As paisagens eram vastas e mudavam lentamente. Havia dunas altas que subiam abruptamente do chão, mas, na maioria das vezes, o arredor era plano e vazio. “Grande parte do tempo estávamos em pistas de cascalho. Passamos por instalações de gás e petróleo e pequenos assentamentos. A única coisa que nunca mudava era a lentidão do nosso ritmo, que girava em torno dos 50 km por dia. Achava frustrante passar um dia inteiro trabalhando duro para chegar a um ponto que tinha sido capaz de ver desde a manhã”, diz McCarron. À noite, quando paravam para dormir, uma ou duas horas depois de o sol ter se posto, eles trocavam as camisas suadas por algo mais quente, cozinhavam o jantar e entravam em seus sacos de dormir. Sem barracas. Sem preparação. Sem problemas.

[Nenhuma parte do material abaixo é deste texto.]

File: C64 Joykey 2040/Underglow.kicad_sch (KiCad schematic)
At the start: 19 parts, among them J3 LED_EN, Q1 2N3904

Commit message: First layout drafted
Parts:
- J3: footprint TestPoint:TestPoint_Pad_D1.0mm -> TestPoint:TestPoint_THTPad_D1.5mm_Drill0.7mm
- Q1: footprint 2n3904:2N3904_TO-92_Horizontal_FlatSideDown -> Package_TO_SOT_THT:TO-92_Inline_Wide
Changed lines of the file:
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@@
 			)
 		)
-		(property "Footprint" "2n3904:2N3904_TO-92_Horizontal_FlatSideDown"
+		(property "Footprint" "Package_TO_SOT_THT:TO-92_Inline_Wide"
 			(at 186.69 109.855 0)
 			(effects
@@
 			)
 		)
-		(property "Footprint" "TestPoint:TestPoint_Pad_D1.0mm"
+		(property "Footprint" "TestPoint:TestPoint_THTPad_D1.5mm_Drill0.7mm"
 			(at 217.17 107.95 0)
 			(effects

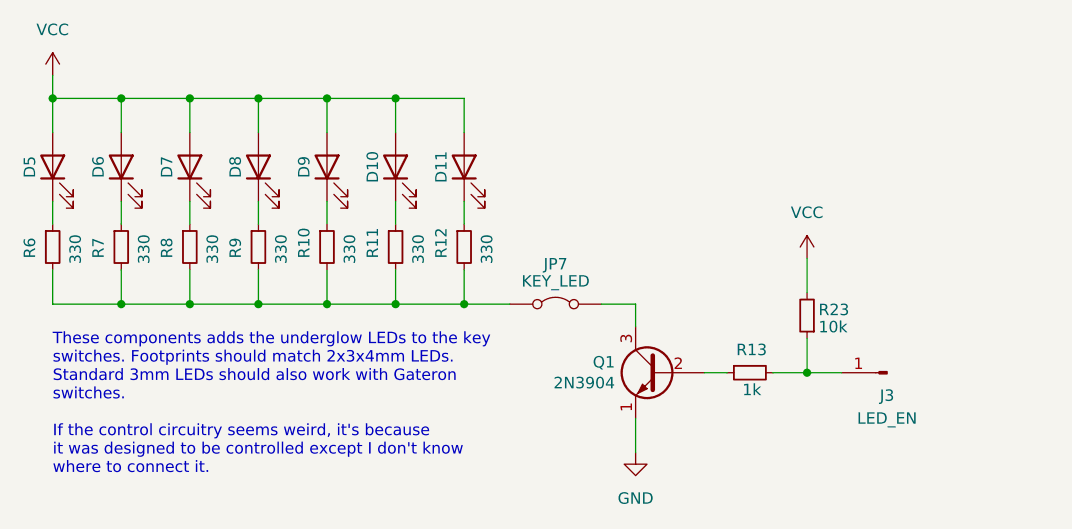
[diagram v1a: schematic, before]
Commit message: Try adding underglow to GPIO15
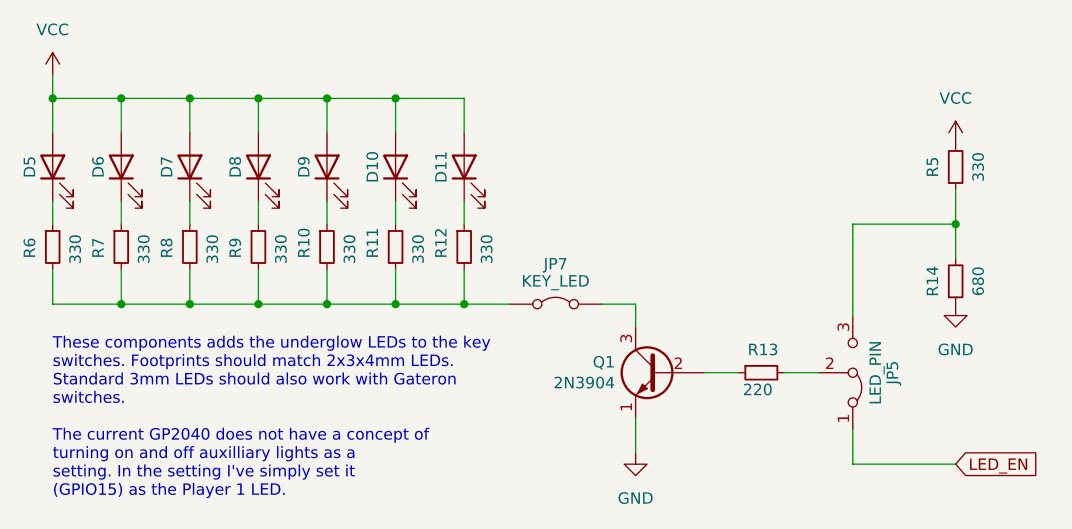
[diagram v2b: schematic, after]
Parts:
- removed J3: LED_EN, TestPoint:TestPoint_THTPad_D1.5mm_Drill0.7mm, symbol Connector:Conn_01x01_Pin
- removed R23: 10k, Resistor_THT:R_Axial_DIN0207_L6.3mm_D2.5mm_P10.16mm_Horizontal, symbol Device:R_Small
- added JP5: LED_PIN, Connector_PinHeader_2.54mm:PinHeader_1x03_P2.54mm_Vertical, symbol Jumper:Jumper_3_Bridged12
- added R14: 680, Resistor_THT:R_Axial_DIN0207_L6.3mm_D2.5mm_P10.16mm_Horizontal, symbol Device:R_Small
- added R5: 330, Resistor_THT:R_Axial_DIN0207_L6.3mm_D2.5mm_P10.16mm_Horizontal, symbol Device:R_Small
- R13: value 1k -> 220
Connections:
- net GND: now also R14.1
- net VCC: now also R5.2
- net at R13.2: now also JP5.2 (C)
- new net: JP5.3 (B), R14.2, R5.1
- new net LED_EN: JP5.1 (A)
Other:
- note added: "These components adds the underglow LEDs to the key switches. Footprints should match 2x3x4mm LEDs. Standard 3mm LEDs should also work with Gateron switches. The current GP2040 does not have a concept of turning on and off auxilliary lights as a setting. In the setting I've simply set it (GPIO15) as the Player 1 LED."
- note removed: "These components adds the underglow LEDs to the key switches. Footprints should match 2x3x4mm LEDs. Standard 3mm LEDs should also work with Gateron switches. If the control circuitry seems weird, it's because it was designed to be controlled except I don't know where to connect it."
- moved on the sheet: R13

Sem tomar banho durante toda a jornada, Humphreys acabou a expedição em um shopping de luxo

E, assim, os quilômetros, horas, dias e semanas se passaram. Dentre as conversas habituais (comida, mulheres, mais comida) que Humphreys e McCarron tiveram, eles discutiam as viagens de Thesiger. Mas ele teria se surpreendido ao ver o quanto a região havia mudado em apenas algumas gerações. Os beduínos que ele tanto admirava não levavam mais uma existência tão dura. “Em nossa jornada, eles abriam as janelas de seus veículos 4×4 com ar-condicionado para tirar fotos com seus smartphones dos britânicos loucos. Onde quer que fôssemos, éramos motivo de piada”, diz Humphreys. E nada poderia tê-lo surpreendido mais do que o lugar que a dupla escolheu para o final da expedição: O topo do edifício mais alto do mundo, o Burj Khalifa, em Dubai. “Nós nos sentimos tão fora de lugar naqueles shoppings. Não nos lavávamos há um mês. A cidade moderna foi um lugar divertido para terminar a viagem. Não posso imaginar que minhas futuras expedições irão acabar do lado de fora de uma loja Dolce & Gabbana!”

 

SIR WILFRED THESIGER

 

Quem foi o explorador cuja visão mística rejeitou o moderno mundo tecnológico em favor das tribos da África e dos desertos da Arábia?

Uma vez, em 1946, Wilfred Thesiger ficou três dias no Empty Quarter à espera do resgate de seus compa-nheiros beduínos. Torturado pela fome e pela sede, ele teve alucinações onde carros o levavam a salvo para casa. “Eu preferiria morrer de fome do que sentar em uma cadeira, ouvir rádio e ser dependente de carros”, ele escreveu mais tarde. Como explorador, Thesiger, que morreu aos 93 anos, foi pego em ataques intertribais, perseguido por invasores hostis e preso pelas autoridades sauditas. Ele viajava sozinho e explorou toda a região ao sul da Arábia, cruzou a Abissínia, hoje Etiópia, onde nasceu (seu pai era o embaixador britânico), lutou ao lado dos monarquistas na guerra civil no Iêmen (1966-1967), viajou com os nômades Bakhtiari no Irã, caminhou através das planícies do Grande Deserto de areia do Irã oriental e explorou o interior do Afeganistão. Mas sua grande expedição foi pelo Empty Quarter, o maior deserto de areia do mundo, onde ele viveu de 1945 a 1949 e escreveu seu famoso livro Arabian Sands. Todas essas viagens foram feitas a pé ou por transporte tradicional, seja ele camelo, cavalo, mula, burro ou canoa.